#### Data for processing ####
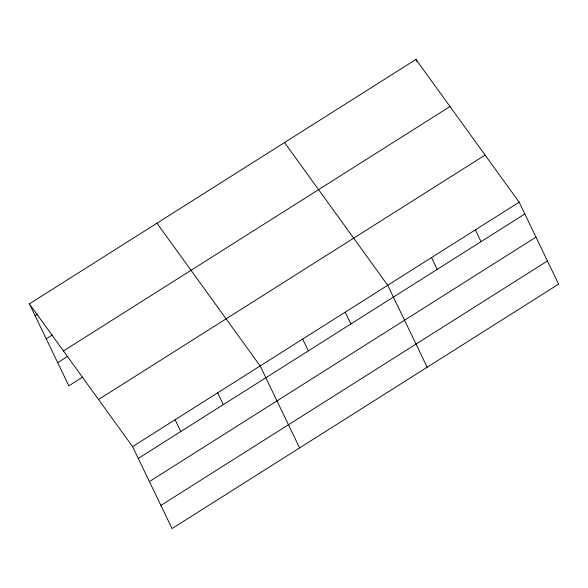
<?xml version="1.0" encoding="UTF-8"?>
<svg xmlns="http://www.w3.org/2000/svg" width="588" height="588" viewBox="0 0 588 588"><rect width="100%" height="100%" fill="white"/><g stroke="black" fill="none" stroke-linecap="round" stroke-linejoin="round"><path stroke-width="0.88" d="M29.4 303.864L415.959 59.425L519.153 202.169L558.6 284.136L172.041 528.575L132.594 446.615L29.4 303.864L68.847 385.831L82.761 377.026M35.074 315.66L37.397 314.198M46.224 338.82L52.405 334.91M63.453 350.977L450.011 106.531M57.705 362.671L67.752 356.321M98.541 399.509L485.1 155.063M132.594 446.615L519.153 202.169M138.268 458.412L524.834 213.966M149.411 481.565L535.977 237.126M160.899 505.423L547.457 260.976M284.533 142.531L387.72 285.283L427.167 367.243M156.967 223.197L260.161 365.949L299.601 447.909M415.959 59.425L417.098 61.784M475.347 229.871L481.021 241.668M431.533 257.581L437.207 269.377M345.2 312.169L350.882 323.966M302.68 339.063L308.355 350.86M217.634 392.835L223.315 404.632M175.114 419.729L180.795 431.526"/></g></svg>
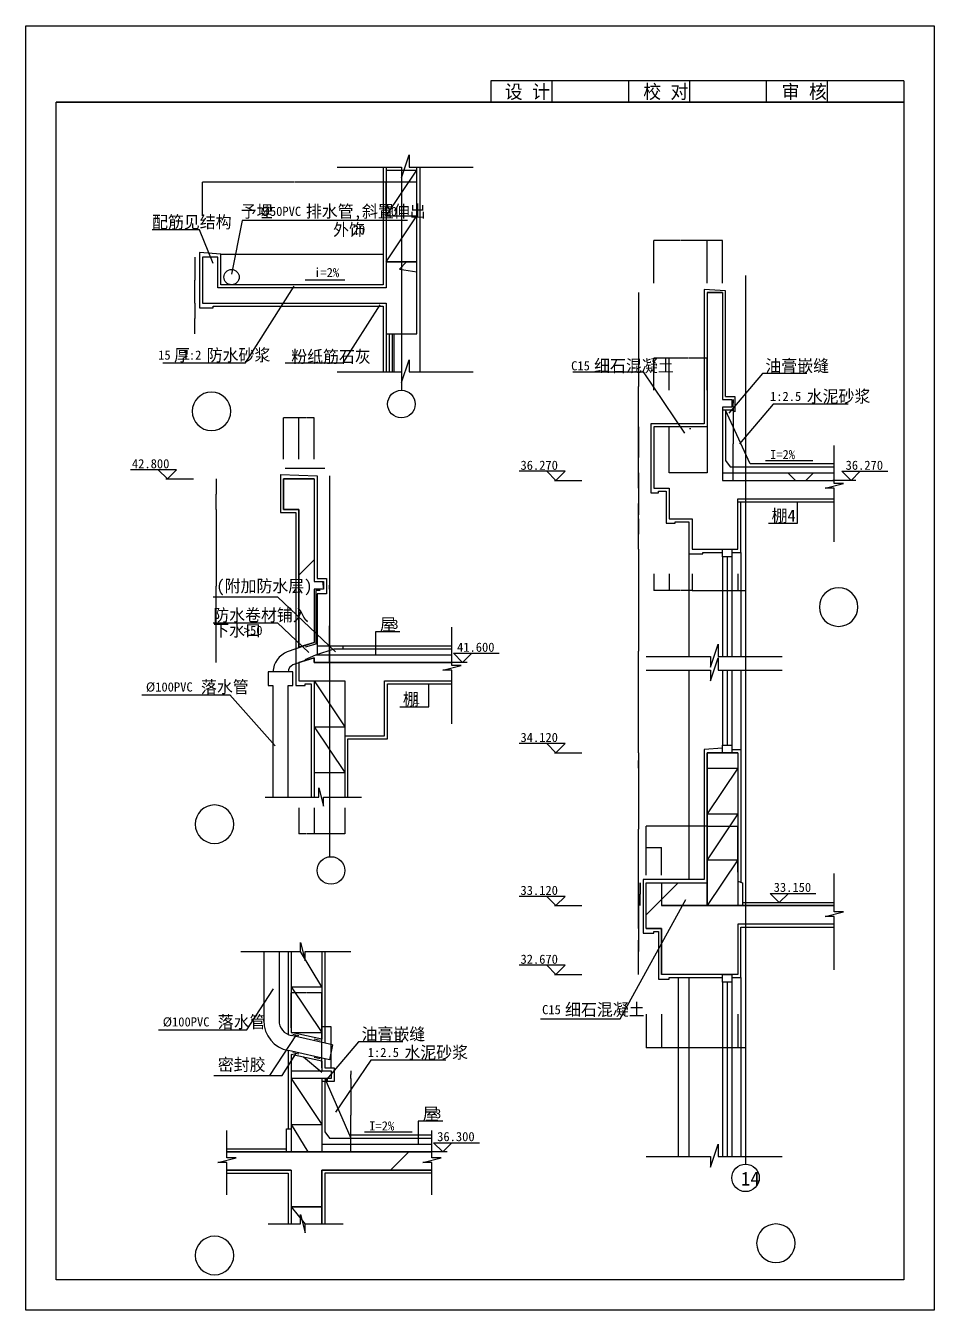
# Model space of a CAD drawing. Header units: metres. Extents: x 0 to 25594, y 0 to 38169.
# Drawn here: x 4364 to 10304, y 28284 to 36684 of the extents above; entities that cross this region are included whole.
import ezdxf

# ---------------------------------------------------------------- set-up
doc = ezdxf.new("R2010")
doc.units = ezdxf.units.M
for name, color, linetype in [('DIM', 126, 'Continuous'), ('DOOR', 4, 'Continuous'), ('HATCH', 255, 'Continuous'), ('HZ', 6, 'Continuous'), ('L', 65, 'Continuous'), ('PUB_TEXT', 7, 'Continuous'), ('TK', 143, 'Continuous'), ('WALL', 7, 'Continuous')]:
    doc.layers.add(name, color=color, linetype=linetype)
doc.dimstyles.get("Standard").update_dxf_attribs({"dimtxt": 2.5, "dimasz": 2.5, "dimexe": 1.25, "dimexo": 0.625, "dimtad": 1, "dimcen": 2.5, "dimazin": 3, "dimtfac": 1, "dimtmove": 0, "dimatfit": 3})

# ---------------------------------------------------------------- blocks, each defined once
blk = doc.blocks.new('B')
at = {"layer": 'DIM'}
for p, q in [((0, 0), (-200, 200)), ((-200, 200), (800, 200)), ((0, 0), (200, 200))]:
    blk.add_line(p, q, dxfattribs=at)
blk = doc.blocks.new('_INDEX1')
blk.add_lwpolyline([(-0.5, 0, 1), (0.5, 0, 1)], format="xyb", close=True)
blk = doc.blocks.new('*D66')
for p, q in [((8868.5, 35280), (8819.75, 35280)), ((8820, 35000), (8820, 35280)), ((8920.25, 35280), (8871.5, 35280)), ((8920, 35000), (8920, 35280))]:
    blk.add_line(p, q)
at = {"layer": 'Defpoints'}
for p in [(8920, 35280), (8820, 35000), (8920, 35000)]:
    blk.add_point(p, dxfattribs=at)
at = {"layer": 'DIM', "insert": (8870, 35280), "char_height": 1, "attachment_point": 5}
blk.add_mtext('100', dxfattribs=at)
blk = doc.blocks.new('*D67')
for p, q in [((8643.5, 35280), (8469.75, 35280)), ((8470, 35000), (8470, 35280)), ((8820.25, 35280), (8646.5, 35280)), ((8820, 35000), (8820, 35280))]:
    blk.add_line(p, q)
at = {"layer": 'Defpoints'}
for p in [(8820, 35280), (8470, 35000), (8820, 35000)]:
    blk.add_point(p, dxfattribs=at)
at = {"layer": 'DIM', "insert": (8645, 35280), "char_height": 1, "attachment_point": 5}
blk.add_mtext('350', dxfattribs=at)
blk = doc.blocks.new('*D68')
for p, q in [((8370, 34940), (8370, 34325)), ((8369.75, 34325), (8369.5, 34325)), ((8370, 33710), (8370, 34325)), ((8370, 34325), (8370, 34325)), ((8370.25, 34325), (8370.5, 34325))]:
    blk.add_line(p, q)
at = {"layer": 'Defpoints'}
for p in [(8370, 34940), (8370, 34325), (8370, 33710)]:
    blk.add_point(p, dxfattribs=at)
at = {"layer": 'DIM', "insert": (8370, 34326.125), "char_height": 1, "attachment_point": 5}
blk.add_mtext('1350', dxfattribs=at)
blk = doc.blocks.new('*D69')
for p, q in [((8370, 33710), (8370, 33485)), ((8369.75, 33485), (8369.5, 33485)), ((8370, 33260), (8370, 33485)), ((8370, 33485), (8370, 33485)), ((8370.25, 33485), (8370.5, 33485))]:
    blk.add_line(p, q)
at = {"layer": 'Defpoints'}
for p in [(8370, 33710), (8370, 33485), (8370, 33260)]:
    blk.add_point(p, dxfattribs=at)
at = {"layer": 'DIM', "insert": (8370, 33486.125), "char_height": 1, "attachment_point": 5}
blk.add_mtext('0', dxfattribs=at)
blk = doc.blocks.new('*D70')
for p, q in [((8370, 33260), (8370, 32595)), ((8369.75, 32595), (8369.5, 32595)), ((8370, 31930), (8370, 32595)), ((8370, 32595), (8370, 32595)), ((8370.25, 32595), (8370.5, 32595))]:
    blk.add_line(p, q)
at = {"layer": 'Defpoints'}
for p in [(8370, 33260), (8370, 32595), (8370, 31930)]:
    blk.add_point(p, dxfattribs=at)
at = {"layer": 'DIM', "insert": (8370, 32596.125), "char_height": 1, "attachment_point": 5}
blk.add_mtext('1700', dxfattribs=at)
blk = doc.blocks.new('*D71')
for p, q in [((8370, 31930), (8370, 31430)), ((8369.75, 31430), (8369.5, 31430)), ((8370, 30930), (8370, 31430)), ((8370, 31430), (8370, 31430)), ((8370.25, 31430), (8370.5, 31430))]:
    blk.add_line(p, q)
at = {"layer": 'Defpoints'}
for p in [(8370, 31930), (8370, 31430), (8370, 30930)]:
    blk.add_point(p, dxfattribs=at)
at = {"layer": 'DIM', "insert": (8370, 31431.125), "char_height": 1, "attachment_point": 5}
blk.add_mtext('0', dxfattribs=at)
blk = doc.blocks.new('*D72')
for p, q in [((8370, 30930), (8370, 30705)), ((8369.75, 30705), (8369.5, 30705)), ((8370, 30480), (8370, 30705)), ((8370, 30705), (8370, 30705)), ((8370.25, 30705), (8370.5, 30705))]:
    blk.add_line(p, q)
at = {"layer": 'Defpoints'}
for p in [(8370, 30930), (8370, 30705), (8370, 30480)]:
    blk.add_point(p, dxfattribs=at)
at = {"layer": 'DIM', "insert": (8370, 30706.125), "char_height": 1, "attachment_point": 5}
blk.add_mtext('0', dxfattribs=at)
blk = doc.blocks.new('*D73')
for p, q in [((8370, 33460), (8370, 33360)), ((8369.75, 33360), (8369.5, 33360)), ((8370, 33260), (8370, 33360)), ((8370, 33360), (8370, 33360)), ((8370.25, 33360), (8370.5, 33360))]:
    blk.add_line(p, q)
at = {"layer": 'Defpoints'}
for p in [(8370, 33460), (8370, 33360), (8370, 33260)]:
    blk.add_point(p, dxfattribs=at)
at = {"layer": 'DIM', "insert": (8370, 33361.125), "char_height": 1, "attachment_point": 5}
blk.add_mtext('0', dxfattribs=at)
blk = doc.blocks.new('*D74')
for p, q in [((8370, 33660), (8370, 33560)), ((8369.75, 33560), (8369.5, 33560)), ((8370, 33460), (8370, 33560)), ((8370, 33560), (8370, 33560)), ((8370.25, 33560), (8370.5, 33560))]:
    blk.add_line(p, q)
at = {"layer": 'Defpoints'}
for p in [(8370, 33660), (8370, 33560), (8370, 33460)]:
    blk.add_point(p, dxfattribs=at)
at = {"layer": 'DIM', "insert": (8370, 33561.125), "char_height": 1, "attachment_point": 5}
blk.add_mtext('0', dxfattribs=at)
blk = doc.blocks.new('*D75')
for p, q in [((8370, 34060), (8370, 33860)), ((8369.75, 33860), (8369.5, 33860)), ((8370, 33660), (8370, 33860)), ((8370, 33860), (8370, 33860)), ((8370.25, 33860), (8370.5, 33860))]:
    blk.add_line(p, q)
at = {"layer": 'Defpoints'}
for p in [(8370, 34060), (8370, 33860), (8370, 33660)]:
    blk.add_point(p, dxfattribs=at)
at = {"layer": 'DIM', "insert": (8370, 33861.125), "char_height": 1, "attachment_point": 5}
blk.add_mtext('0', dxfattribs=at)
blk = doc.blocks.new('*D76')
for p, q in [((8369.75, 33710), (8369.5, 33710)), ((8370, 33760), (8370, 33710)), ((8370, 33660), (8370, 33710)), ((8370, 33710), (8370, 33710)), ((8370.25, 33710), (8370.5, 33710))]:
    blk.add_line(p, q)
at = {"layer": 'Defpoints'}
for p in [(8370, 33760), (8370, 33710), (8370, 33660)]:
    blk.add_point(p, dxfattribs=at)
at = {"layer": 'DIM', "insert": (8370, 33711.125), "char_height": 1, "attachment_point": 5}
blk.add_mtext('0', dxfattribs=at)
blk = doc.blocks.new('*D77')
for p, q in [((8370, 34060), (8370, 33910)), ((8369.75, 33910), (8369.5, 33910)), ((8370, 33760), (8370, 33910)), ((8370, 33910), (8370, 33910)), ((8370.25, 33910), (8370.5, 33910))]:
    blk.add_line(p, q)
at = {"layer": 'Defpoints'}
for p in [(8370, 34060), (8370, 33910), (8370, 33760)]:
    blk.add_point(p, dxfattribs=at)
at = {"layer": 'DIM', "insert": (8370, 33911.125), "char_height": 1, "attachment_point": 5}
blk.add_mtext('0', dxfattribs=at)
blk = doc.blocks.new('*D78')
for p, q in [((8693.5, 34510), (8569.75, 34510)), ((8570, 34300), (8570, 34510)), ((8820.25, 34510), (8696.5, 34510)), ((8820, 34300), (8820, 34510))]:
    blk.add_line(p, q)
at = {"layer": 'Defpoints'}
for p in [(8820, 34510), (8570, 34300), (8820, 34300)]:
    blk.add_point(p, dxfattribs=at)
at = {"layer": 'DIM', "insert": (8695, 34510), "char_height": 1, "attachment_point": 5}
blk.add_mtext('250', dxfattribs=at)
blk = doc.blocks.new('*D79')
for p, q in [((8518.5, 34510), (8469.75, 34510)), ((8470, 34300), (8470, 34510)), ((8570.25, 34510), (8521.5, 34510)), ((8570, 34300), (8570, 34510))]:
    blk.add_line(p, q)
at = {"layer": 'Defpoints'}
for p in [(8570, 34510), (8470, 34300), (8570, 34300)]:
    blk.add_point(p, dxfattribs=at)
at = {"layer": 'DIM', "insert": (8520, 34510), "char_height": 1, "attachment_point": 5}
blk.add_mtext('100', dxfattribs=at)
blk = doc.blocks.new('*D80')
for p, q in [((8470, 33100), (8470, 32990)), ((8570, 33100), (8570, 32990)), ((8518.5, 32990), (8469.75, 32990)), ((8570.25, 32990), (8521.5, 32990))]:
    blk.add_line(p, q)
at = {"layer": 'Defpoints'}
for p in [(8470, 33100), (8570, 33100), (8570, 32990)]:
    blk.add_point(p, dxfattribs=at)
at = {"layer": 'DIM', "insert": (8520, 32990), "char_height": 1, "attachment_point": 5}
####
> _What you need to do_
For the word "linetype", count the lines of the listing that hold it, and reply with the count by itself.

> _Output of the task_
2